今ではアニメのエンドクレジットの背景担当の欄をよく見るようになりました。

最近ですと、
そろそろ今期のアニメは終わり始めていますが、
草薙さんが担当されている作品はこんなにあります。

『文豪ストレイドッグス』
『テラフォーマーズリベンジ』
『田中くんはいつもけだるげ』
ベイブレードバースト 
ずっと前から好きでした。

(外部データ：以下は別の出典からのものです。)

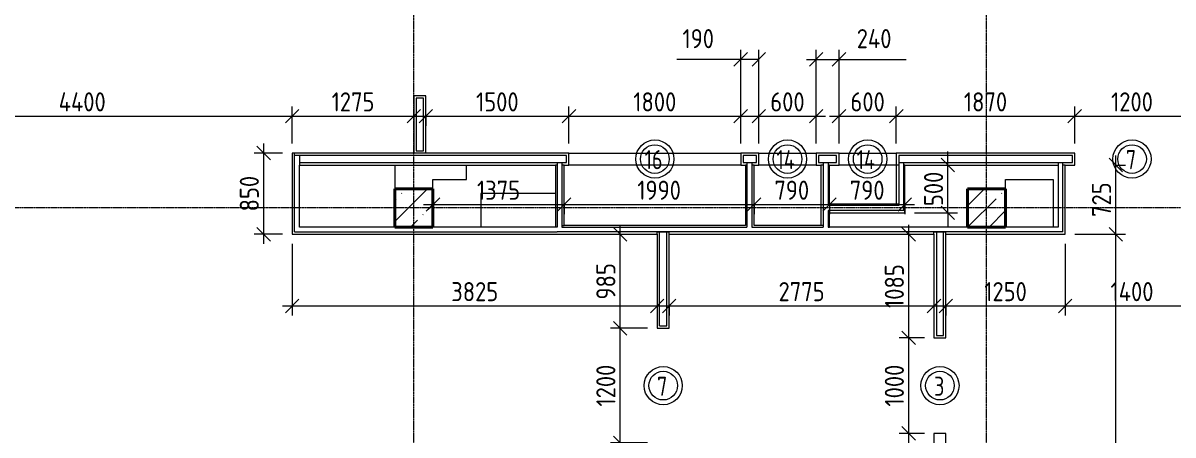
# Model space of a CAD drawing. Header units: millimetres. Extents: x -56773 to 225775, y -262288 to 26541.
# Drawn here: x 23714 to 35764, y -101321 to -97007 of the extents above; entities that cross this region are included whole.
import ezdxf

# ---------------------------------------------------------------- set-up
doc = ezdxf.new("R2010")
doc.units = ezdxf.units.MM
doc.linetypes.add('ADSK_Линия сетки', pattern=[25, 20, -2.5, 0, -2.5])
for name, color, linetype, lineweight in [('Марки дверей', 7, 'Continuous', 20), ('Несущие колонны', 7, 'Continuous', 18), ('Оси', 7, 'Continuous', 9), ('Перекрытие', 7, 'Continuous', 18), ('Размеры', 7, 'Continuous', 9), ('Стены внутренние', 7, 'Continuous', 18), ('Стены штриховка', 7, 'Continuous', 9)]:
    doc.layers.add(name, color=color, linetype=linetype, lineweight=lineweight)
doc.styles.add('GOST Common_3', font='', dxfattribs={"width": 0.9, "height": 200})
doc.styles.add('GOST Common_B', font='', dxfattribs={"width": 0.8, "height": 200})
doc.styles.get('GOST Common_3').set_extended_font_data('GOST Common')
doc.styles.get('GOST Common_B').set_extended_font_data('GOST Common', bold=True)
doc.dimstyles.new('ADSK_Основной_2_0', dxfattribs={"dimscale": 304.8, "dimtxt": 201.142999, "dimasz": 0.463911, "dimexe": 0.328084, "dimexo": 0.328084, "dimgap": 0.164042, "dimtad": 1, "dimdec": 3, "dimrnd": 0.001, "dimdsep": 46, "dimtxsty": 'GOST Common_3', "dimblk1": 'OBLIQUE', "dimblk2": 'OBLIQUE', "dimsah": 1, "dimcen": 0.09, "dimdle": 0.328084, "dimazin": 2, "dimtfac": 1, "dimtdec": 4, "dimtix": 1, "dimtmove": 0, "dimatfit": 3, "dimfxl": 1, "dimtvp": 1, "dimtolj": 1, "dimtzin": 0, "dimlwd": 20, "dimlwe": 20, "dimarcsym": 2})
doc.dimstyles.new('ADSK_Основной_2_0_2', dxfattribs={"dimscale": 304.8, "dimtxt": 201.142999, "dimasz": 0.463911, "dimexe": 0.328084, "dimexo": 0.328084, "dimgap": 0.164042, "dimtad": 1, "dimdec": 3, "dimrnd": 0.001, "dimdsep": 46, "dimtxsty": 'GOST Common_3', "dimblk1": 'OBLIQUE', "dimblk2": 'OBLIQUE', "dimsah": 1, "dimcen": 0.09, "dimdle": 0.328084, "dimazin": 2, "dimtfac": 1, "dimtdec": 4, "dimtix": 1, "dimtmove": 0, "dimatfit": 3, "dimfxl": 1, "dimtvp": 1, "dimtolj": 1, "dimtzin": 0, "dimlwd": 20, "dimlwe": 20, "dimarcsym": 2})
pattern_1 = [(45, (9.36, -97949.04), (-224.5064, 224.5064), []), (45, (233.87, -97949.04), (-224.5064, 224.5064), [396.875, -79.375, 3.353, -76.022])]

# ---------------------------------------------------------------- blocks, each defined once
blk = doc.blocks.new('ADSK_КолоннаЖБ_Прямоугольная - 400x400 мм-1807143-Кладочный план 2-го этаж')
at = {"layer": 'Несущие колонны', "lineweight": 40}
for p, q in [((-200, 200), (200, 200)), ((-200, -200), (-200, 200)), ((200, 200), (200, -200)), ((200, -200), (-200, -200))]:
    blk.add_line(p, q, dxfattribs=at)
blk = doc.blocks.new('_Oblique')
at = {"color": 0, "linetype": 'ByBlock', "lineweight": -2}
blk.add_line((-0.5, -0.5), (0.5, 0.5), dxfattribs=at)
blk = doc.blocks.new('*D4844')
at = {"layer": 'Defpoints', "color": 0, "transparency": 16777216}
for p in [(26534, -97983), (22134, -98369), (26534, -98369)]:
    blk.add_point(p, dxfattribs=at)
at = {"layer": 'Размеры', "color": 0, "lineweight": 20, "transparency": 16777216}
for p, q in [((22134, -98269), (22134, -97883)), ((26534, -98269), (26534, -97883)), ((22034, -97983), (26634, -97983))]:
    blk.add_line(p, q, dxfattribs=at)
at = {"layer": 'Размеры', "color": 0, "lineweight": 20, "transparency": 16777216, "xscale": 141.4, "yscale": 141.4, "zscale": 141.4, "rotation": 180}
blk.add_blockref('_Oblique', (22134, -97983), dxfattribs=at)
at = {"layer": 'Размеры', "color": 0, "lineweight": 20, "transparency": 16777216, "xscale": 141.4, "yscale": 141.4, "zscale": 141.4}
blk.add_blockref('_Oblique', (26534, -97983), dxfattribs=at)
at = {"layer": 'Размеры', "color": 0, "lineweight": 9, "transparency": 16777216, "insert": (24334, -97833), "char_height": 200, "width": 646.38, "attachment_point": 5, "style": 'GOST Common_3'}
blk.add_mtext('\\A1;4400', dxfattribs=at)
blk = doc.blocks.new('*D4845')
at = {"layer": 'Defpoints', "color": 0, "transparency": 16777216}
for p in [(27809, -97884), (27809, -97983), (26534, -98369)]:
    blk.add_point(p, dxfattribs=at)
at = {"layer": 'Размеры', "color": 0, "lineweight": 20, "transparency": 16777216}
for p, q in [((26534, -98269), (26534, -97883)), ((26434, -97983), (27909, -97983)), ((27809, -97984), (27809, -98083))]:
    blk.add_line(p, q, dxfattribs=at)
at = {"layer": 'Размеры', "color": 0, "lineweight": 20, "transparency": 16777216, "xscale": 141.4, "yscale": 141.4, "zscale": 141.4, "rotation": 180}
blk.add_blockref('_Oblique', (26534, -97983), dxfattribs=at)
at = {"layer": 'Размеры', "color": 0, "lineweight": 20, "transparency": 16777216, "xscale": 141.4, "yscale": 141.4, "zscale": 141.4}
blk.add_blockref('_Oblique', (27809, -97983), dxfattribs=at)
at = {"layer": 'Размеры', "color": 0, "lineweight": 9, "transparency": 16777216, "insert": (27172, -97833), "char_height": 200, "width": 560.47, "attachment_point": 5, "style": 'GOST Common_3'}
blk.add_mtext('\\A1;1275', dxfattribs=at)
blk = doc.blocks.new('*D4858')
at = {"layer": 'Defpoints', "color": 0, "transparency": 16777216}
for p in [(27934, -97884), (29434, -97983), (29434, -98369)]:
    blk.add_point(p, dxfattribs=at)
at = {"layer": 'Размеры', "color": 0, "lineweight": 20, "transparency": 16777216}
for p, q in [((29434, -98269), (29434, -97883)), ((27834, -97983), (29534, -97983)), ((27934, -97984), (27934, -98083))]:
    blk.add_line(p, q, dxfattribs=at)
at = {"layer": 'Размеры', "color": 0, "lineweight": 20, "transparency": 16777216, "xscale": 141.4, "yscale": 141.4, "zscale": 141.4, "rotation": 180}
blk.add_blockref('_Oblique', (27934, -97983), dxfattribs=at)
at = {"layer": 'Размеры', "color": 0, "lineweight": 20, "transparency": 16777216, "xscale": 141.4, "yscale": 141.4, "zscale": 141.4}
blk.add_blockref('_Oblique', (29434, -97983), dxfattribs=at)
at = {"layer": 'Размеры', "color": 0, "lineweight": 9, "transparency": 16777216, "insert": (28684, -97833), "char_height": 200, "width": 560.47, "attachment_point": 5, "style": 'GOST Common_3'}
blk.add_mtext('\\A1;1500', dxfattribs=at)
blk = doc.blocks.new('*D4859')
at = {"layer": 'Defpoints', "color": 0, "transparency": 16777216}
for p in [(31234, -97983), (29434, -98369), (31234, -98369)]:
    blk.add_point(p, dxfattribs=at)
at = {"layer": 'Размеры', "color": 0, "lineweight": 20, "transparency": 16777216}
for p, q in [((29434, -98269), (29434, -97883)), ((31234, -98269), (31234, -97883)), ((29334, -97983), (31334, -97983))]:
    blk.add_line(p, q, dxfattribs=at)
at = {"layer": 'Размеры', "color": 0, "lineweight": 20, "transparency": 16777216, "xscale": 141.4, "yscale": 141.4, "zscale": 141.4, "rotation": 180}
blk.add_blockref('_Oblique', (29434, -97983), dxfattribs=at)
at = {"layer": 'Размеры', "color": 0, "lineweight": 20, "transparency": 16777216, "xscale": 141.4, "yscale": 141.4, "zscale": 141.4}
blk.add_blockref('_Oblique', (31234, -97983), dxfattribs=at)
at = {"layer": 'Размеры', "color": 0, "lineweight": 9, "transparency": 16777216, "insert": (30334, -97833), "char_height": 200, "width": 560.47, "attachment_point": 5, "style": 'GOST Common_3'}
blk.add_mtext('\\A1;1800', dxfattribs=at)
blk = doc.blocks.new('*D4860')
at = {"layer": 'Defpoints', "color": 0, "transparency": 16777216}
for p in [(31424, -97388), (31234, -98369), (31424, -98369)]:
    blk.add_point(p, dxfattribs=at)
at = {"layer": 'Размеры', "color": 0, "lineweight": 20, "transparency": 16777216}
for p, q in [((31234, -98269), (31234, -97288)), ((31424, -98269), (31424, -97288)), ((31234, -97388), (30564, -97388)), ((31424, -97388), (31134, -97388))]:
    blk.add_line(p, q, dxfattribs=at)
at = {"layer": 'Размеры', "color": 0, "lineweight": 20, "transparency": 16777216, "xscale": 141.4, "yscale": 141.4, "zscale": 141.4, "rotation": 180}
blk.add_blockref('_Oblique', (31234, -97388), dxfattribs=at)
at = {"layer": 'Размеры', "color": 0, "lineweight": 20, "transparency": 16777216, "xscale": 141.4, "yscale": 141.4, "zscale": 141.4}
blk.add_blockref('_Oblique', (31424, -97388), dxfattribs=at)
at = {"layer": 'Размеры', "color": 0, "lineweight": 9, "transparency": 16777216, "insert": (30624, -97071), "char_height": 200, "width": 409.1, "attachment_point": 1, "line_spacing_factor": 1.022761, "style": 'GOST Common_3'}
blk.add_mtext('\\A1;190', dxfattribs=at)
blk = doc.blocks.new('*D4861')
at = {"layer": 'Defpoints', "color": 0, "transparency": 16777216}
for p in [(32024, -97983), (31424, -98369), (32024, -98369)]:
    blk.add_point(p, dxfattribs=at)
at = {"layer": 'Размеры', "color": 0, "lineweight": 20, "transparency": 16777216}
for p, q in [((31424, -98269), (31424, -97883)), ((32024, -98269), (32024, -97883)), ((31324, -97983), (32124, -97983))]:
    blk.add_line(p, q, dxfattribs=at)
at = {"layer": 'Размеры', "color": 0, "lineweight": 20, "transparency": 16777216, "xscale": 141.4, "yscale": 141.4, "zscale": 141.4, "rotation": 180}
blk.add_blockref('_Oblique', (31424, -97983), dxfattribs=at)
at = {"layer": 'Размеры', "color": 0, "lineweight": 20, "transparency": 16777216, "xscale": 141.4, "yscale": 141.4, "zscale": 141.4}
blk.add_blockref('_Oblique', (32024, -97983), dxfattribs=at)
at = {"layer": 'Размеры', "color": 0, "lineweight": 9, "transparency": 16777216, "insert": (31724, -97833), "char_height": 200, "width": 454.11, "attachment_point": 5, "style": 'GOST Common_3'}
blk.add_mtext('\\A1;600', dxfattribs=at)
blk = doc.blocks.new('*D4862')
at = {"layer": 'Defpoints', "color": 0, "transparency": 16777216}
for p in [(32264, -97388), (32024, -98369), (32264, -98369)]:
    blk.add_point(p, dxfattribs=at)
at = {"layer": 'Размеры', "color": 0, "lineweight": 20, "transparency": 16777216}
for p, q in [((32024, -98269), (32024, -97288)), ((32264, -98269), (32264, -97288)), ((31924, -97388), (32264, -97388)), ((32264, -97388), (32969, -97388))]:
    blk.add_line(p, q, dxfattribs=at)
at = {"layer": 'Размеры', "color": 0, "lineweight": 20, "transparency": 16777216, "xscale": 141.4, "yscale": 141.4, "zscale": 141.4, "rotation": 180}
blk.add_blockref('_Oblique', (32024, -97388), dxfattribs=at)
at = {"layer": 'Размеры', "color": 0, "lineweight": 20, "transparency": 16777216, "xscale": 141.4, "yscale": 141.4, "zscale": 141.4}
blk.add_blockref('_Oblique', (32264, -97388), dxfattribs=at)
at = {"layer": 'Размеры', "color": 0, "lineweight": 9, "transparency": 16777216, "insert": (32450, -97071), "char_height": 200, "width": 474.56, "attachment_point": 1, "line_spacing_factor": 1.022761, "style": 'GOST Common_3'}
blk.add_mtext('\\A1;240', dxfattribs=at)
blk = doc.blocks.new('*D4863')
at = {"layer": 'Defpoints', "color": 0, "transparency": 16777216}
for p in [(32864, -97983), (32264, -98369), (32864, -98369)]:
    blk.add_point(p, dxfattribs=at)
at = {"layer": 'Размеры', "color": 0, "lineweight": 20, "transparency": 16777216}
for p, q in [((32264, -98269), (32264, -97883)), ((32864, -98269), (32864, -97883)), ((32164, -97983), (32964, -97983))]:
    blk.add_line(p, q, dxfattribs=at)
at = {"layer": 'Размеры', "color": 0, "lineweight": 20, "transparency": 16777216, "xscale": 141.4, "yscale": 141.4, "zscale": 141.4, "rotation": 180}
blk.add_blockref('_Oblique', (32264, -97983), dxfattribs=at)
at = {"layer": 'Размеры', "color": 0, "lineweight": 20, "transparency": 16777216, "xscale": 141.4, "yscale": 141.4, "zscale": 141.4}
blk.add_blockref('_Oblique', (32864, -97983), dxfattribs=at)
at = {"layer": 'Размеры', "color": 0, "lineweight": 9, "transparency": 16777216, "insert": (32564, -97833), "char_height": 200, "width": 454.11, "attachment_point": 5, "style": 'GOST Common_3'}
blk.add_mtext('\\A1;600', dxfattribs=at)
blk = doc.blocks.new('*D4864')
at = {"layer": 'Defpoints', "color": 0, "transparency": 16777216}
for p in [(34734, -97983), (32864, -98369), (34734, -98369)]:
    blk.add_point(p, dxfattribs=at)
at = {"layer": 'Размеры', "color": 0, "lineweight": 20, "transparency": 16777216}
for p, q in [((32864, -98269), (32864, -97883)), ((34734, -98269), (34734, -97883)), ((32764, -97983), (34834, -97983))]:
    blk.add_line(p, q, dxfattribs=at)
at = {"layer": 'Размеры', "color": 0, "lineweight": 20, "transparency": 16777216, "xscale": 141.4, "yscale": 141.4, "zscale": 141.4, "rotation": 180}
blk.add_blockref('_Oblique', (32864, -97983), dxfattribs=at)
at = {"layer": 'Размеры', "color": 0, "lineweight": 20, "transparency": 16777216, "xscale": 141.4, "yscale": 141.4, "zscale": 141.4}
blk.add_blockref('_Oblique', (34734, -97983), dxfattribs=at)
at = {"layer": 'Размеры', "color": 0, "lineweight": 9, "transparency": 16777216, "insert": (33799, -97833), "char_height": 200, "width": 560.47, "attachment_point": 5, "style": 'GOST Common_3'}
blk.add_mtext('\\A1;1870', dxfattribs=at)
blk = doc.blocks.new('*D4865')
at = {"layer": 'Defpoints', "color": 0, "transparency": 16777216}
for p in [(35934, -97983), (34734, -98369), (35934, -98369)]:
    blk.add_point(p, dxfattribs=at)
at = {"layer": 'Размеры', "color": 0, "lineweight": 20, "transparency": 16777216}
for p, q in [((34734, -98269), (34734, -97883)), ((35934, -98269), (35934, -97883)), ((34634, -97983), (36034, -97983))]:
    blk.add_line(p, q, dxfattribs=at)
at = {"layer": 'Размеры', "color": 0, "lineweight": 20, "transparency": 16777216, "xscale": 141.4, "yscale": 141.4, "zscale": 141.4, "rotation": 180}
blk.add_blockref('_Oblique', (34734, -97983), dxfattribs=at)
at = {"layer": 'Размеры', "color": 0, "lineweight": 20, "transparency": 16777216, "xscale": 141.4, "yscale": 141.4, "zscale": 141.4}
blk.add_blockref('_Oblique', (35934, -97983), dxfattribs=at)
at = {"layer": 'Размеры', "color": 0, "lineweight": 9, "transparency": 16777216, "insert": (35334, -97833), "char_height": 200, "width": 560.47, "attachment_point": 5, "style": 'GOST Common_3'}
blk.add_mtext('\\A1;1200', dxfattribs=at)
blk = doc.blocks.new('*D4878')
at = {"layer": 'Defpoints', "color": 0, "transparency": 16777216}
for p in [(26534, -98369), (26235, -99219), (26534, -99219)]:
    blk.add_point(p, dxfattribs=at)
at = {"layer": 'Размеры', "color": 0, "lineweight": 20, "transparency": 16777216}
for p, q in [((26235, -98269), (26235, -99319)), ((26434, -98369), (26135, -98369)), ((26434, -99219), (26135, -99219))]:
    blk.add_line(p, q, dxfattribs=at)
at = {"layer": 'Размеры', "color": 0, "lineweight": 20, "transparency": 16777216, "xscale": 141.4, "yscale": 141.4, "zscale": 141.4}
for p, rotation in [((26235, -98369), 90), ((26235, -99219), 270)]:
    blk.add_blockref('_Oblique', p, dxfattribs=dict(at, rotation=rotation))
at = {"layer": 'Размеры', "color": 0, "lineweight": 9, "transparency": 16777216, "insert": (26085, -98794), "char_height": 200, "width": 454.11, "attachment_point": 5, "rotation": 90, "style": 'GOST Common_3'}
blk.add_mtext('\\A1;850', dxfattribs=at)
blk = doc.blocks.new('*D4879')
at = {"layer": 'Defpoints', "color": 0, "transparency": 16777216}
for p in [(29971, -101404), (30359, -101404), (29871, -104894)]:
    blk.add_point(p, dxfattribs=at)
at = {"layer": 'Размеры', "color": 0, "lineweight": 20, "transparency": 16777216}
for p, q in [((29971, -104994), (29971, -101304)), ((30259, -101404), (29871, -101404)), ((29971, -104894), (30071, -104894))]:
    blk.add_line(p, q, dxfattribs=at)
at = {"layer": 'Размеры', "color": 0, "lineweight": 20, "transparency": 16777216, "xscale": 141.4, "yscale": 141.4, "zscale": 141.4}
for p, rotation in [((29971, -101404), 90), ((29971, -104894), 270)]:
    blk.add_blockref('_Oblique', p, dxfattribs=dict(at, rotation=rotation))
at = {"layer": 'Размеры', "color": 0, "lineweight": 9, "transparency": 16777216, "insert": (29821, -103149), "char_height": 200, "width": 625.93, "attachment_point": 5, "rotation": 90, "style": 'GOST Common_3'}
blk.add_mtext('\\A1;3490', dxfattribs=at)
blk = doc.blocks.new('*D4880')
at = {"layer": 'Defpoints', "color": 0, "transparency": 16777216}
for p in [(29971, -100204), (30359, -100204), (30359, -101404)]:
    blk.add_point(p, dxfattribs=at)
at = {"layer": 'Размеры', "color": 0, "lineweight": 20, "transparency": 16777216}
for p, q in [((29971, -101504), (29971, -100104)), ((30259, -100204), (29871, -100204)), ((30259, -101404), (29871, -101404))]:
    blk.add_line(p, q, dxfattribs=at)
at = {"layer": 'Размеры', "color": 0, "lineweight": 20, "transparency": 16777216, "xscale": 141.4, "yscale": 141.4, "zscale": 141.4}
for p, rotation in [((29971, -100204), 90), ((29971, -101404), 270)]:
    blk.add_blockref('_Oblique', p, dxfattribs=dict(at, rotation=rotation))
at = {"layer": 'Размеры', "color": 0, "lineweight": 9, "transparency": 16777216, "insert": (29821, -100804), "char_height": 200, "width": 560.47, "attachment_point": 5, "rotation": 90, "style": 'GOST Common_3'}
blk.add_mtext('\\A1;1200', dxfattribs=at)
blk = doc.blocks.new('*D4881')
at = {"layer": 'Defpoints', "color": 0, "transparency": 16777216}
for p in [(29871, -99219), (29971, -99219), (30359, -100204)]:
    blk.add_point(p, dxfattribs=at)
at = {"layer": 'Размеры', "color": 0, "lineweight": 20, "transparency": 16777216}
for p, q in [((29971, -100304), (29971, -99119)), ((29971, -99219), (30071, -99219)), ((30259, -100204), (29871, -100204))]:
    blk.add_line(p, q, dxfattribs=at)
at = {"layer": 'Размеры', "color": 0, "lineweight": 20, "transparency": 16777216, "xscale": 141.4, "yscale": 141.4, "zscale": 141.4}
for p, rotation in [((29971, -99219), 90), ((29971, -100204), 270)]:
    blk.add_blockref('_Oblique', p, dxfattribs=dict(at, rotation=rotation))
at = {"layer": 'Размеры', "color": 0, "lineweight": 9, "transparency": 16777216, "insert": (29821, -99712), "char_height": 200, "width": 454.11, "attachment_point": 5, "rotation": 90, "style": 'GOST Common_3'}
blk.add_mtext('\\A1;985', dxfattribs=at)
blk = doc.blocks.new('*D4882')
at = {"layer": 'Defpoints', "color": 0, "transparency": 16777216}
for p in [(30484, -99870), (33259, -99870), (33259, -99970)]:
    blk.add_point(p, dxfattribs=at)
at = {"layer": 'Размеры', "color": 0, "lineweight": 20, "transparency": 16777216}
for p, q in [((30384, -99970), (33359, -99970)), ((30484, -99970), (30484, -100070)), ((33259, -99970), (33259, -100070))]:
    blk.add_line(p, q, dxfattribs=at)
at = {"layer": 'Размеры', "color": 0, "lineweight": 20, "transparency": 16777216, "xscale": 141.4, "yscale": 141.4, "zscale": 141.4, "rotation": 180}
blk.add_blockref('_Oblique', (30484, -99970), dxfattribs=at)
at = {"layer": 'Размеры', "color": 0, "lineweight": 20, "transparency": 16777216, "xscale": 141.4, "yscale": 141.4, "zscale": 141.4}
blk.add_blockref('_Oblique', (33259, -99970), dxfattribs=at)
at = {"layer": 'Размеры', "color": 0, "lineweight": 9, "transparency": 16777216, "insert": (31872, -99820), "char_height": 200, "width": 605.47, "attachment_point": 5, "style": 'GOST Common_3'}
blk.add_mtext('\\A1;2775', dxfattribs=at)
blk = doc.blocks.new('*D4883')
at = {"layer": 'Defpoints', "color": 0, "transparency": 16777216}
for p in [(26534, -99219), (30359, -99870), (30359, -99970)]:
    blk.add_point(p, dxfattribs=at)
at = {"layer": 'Размеры', "color": 0, "lineweight": 20, "transparency": 16777216}
for p, q in [((26534, -99319), (26534, -100070)), ((26434, -99970), (30459, -99970)), ((30359, -99970), (30359, -100070))]:
    blk.add_line(p, q, dxfattribs=at)
at = {"layer": 'Размеры', "color": 0, "lineweight": 20, "transparency": 16777216, "xscale": 141.4, "yscale": 141.4, "zscale": 141.4, "rotation": 180}
blk.add_blockref('_Oblique', (26534, -99970), dxfattribs=at)
at = {"layer": 'Размеры', "color": 0, "lineweight": 20, "transparency": 16777216, "xscale": 141.4, "yscale": 141.4, "zscale": 141.4}
blk.add_blockref('_Oblique', (30359, -99970), dxfattribs=at)
at = {"layer": 'Размеры', "color": 0, "lineweight": 9, "transparency": 16777216, "insert": (28447, -99820), "char_height": 200, "width": 605.47, "attachment_point": 5, "style": 'GOST Common_3'}
blk.add_mtext('\\A1;3825', dxfattribs=at)
blk = doc.blocks.new('*D4884')
at = {"layer": 'Defpoints', "color": 0, "transparency": 16777216}
for p in [(28009, -98808), (29384, -98808), (29384, -98908)]:
    blk.add_point(p, dxfattribs=at)
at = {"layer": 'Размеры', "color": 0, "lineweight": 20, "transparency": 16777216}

~告白実行委員会~』(映画)

お分かりの方もいれば、まったくわからないという方もいらっしゃるでしょう。
でも、わかる人にはわかるはず。
「え?!これも!?
あれも!?
そういえば、背景綺麗だもんな~」
と、納得の作品一覧です。

深夜枠のアニメが多いですが、見たことがない方々にはぜひ一度ご覧いただきたいと思います。

どの作品も本当に、本当に、背景がとても綺麗です。
キャラが主役のアニメですが、
私は背景もとても重要だと思います。
背景によって、より心理描写に深みが増すと思いますし、
視聴者側の引き込まれる度合いも変わってくるような気がします。
もちろん、声も音楽もその他もすべてが相乗効果を生み出しているのだと思いますが。

様々な構成要素の中で、一番わかりやすいのが背景画ではないでしょうか。
そのアニメのキャラクターに合わせてあるでしょうから、
いかにもアニメ的なものから写真と見間違うものまで。
また、写真以上にとても鮮やかで繊細なものもあります。
それが、映画ではなく週ごとのテレビアニメーションで描かれているということが、
素人の私でもすごいことなのだとわかります。

風景写真も素晴らしいものです。
でも、
主役を譲ってそっと脇を固めるアニメーションやゲームの背景画というものにもぜひ注目してみてください。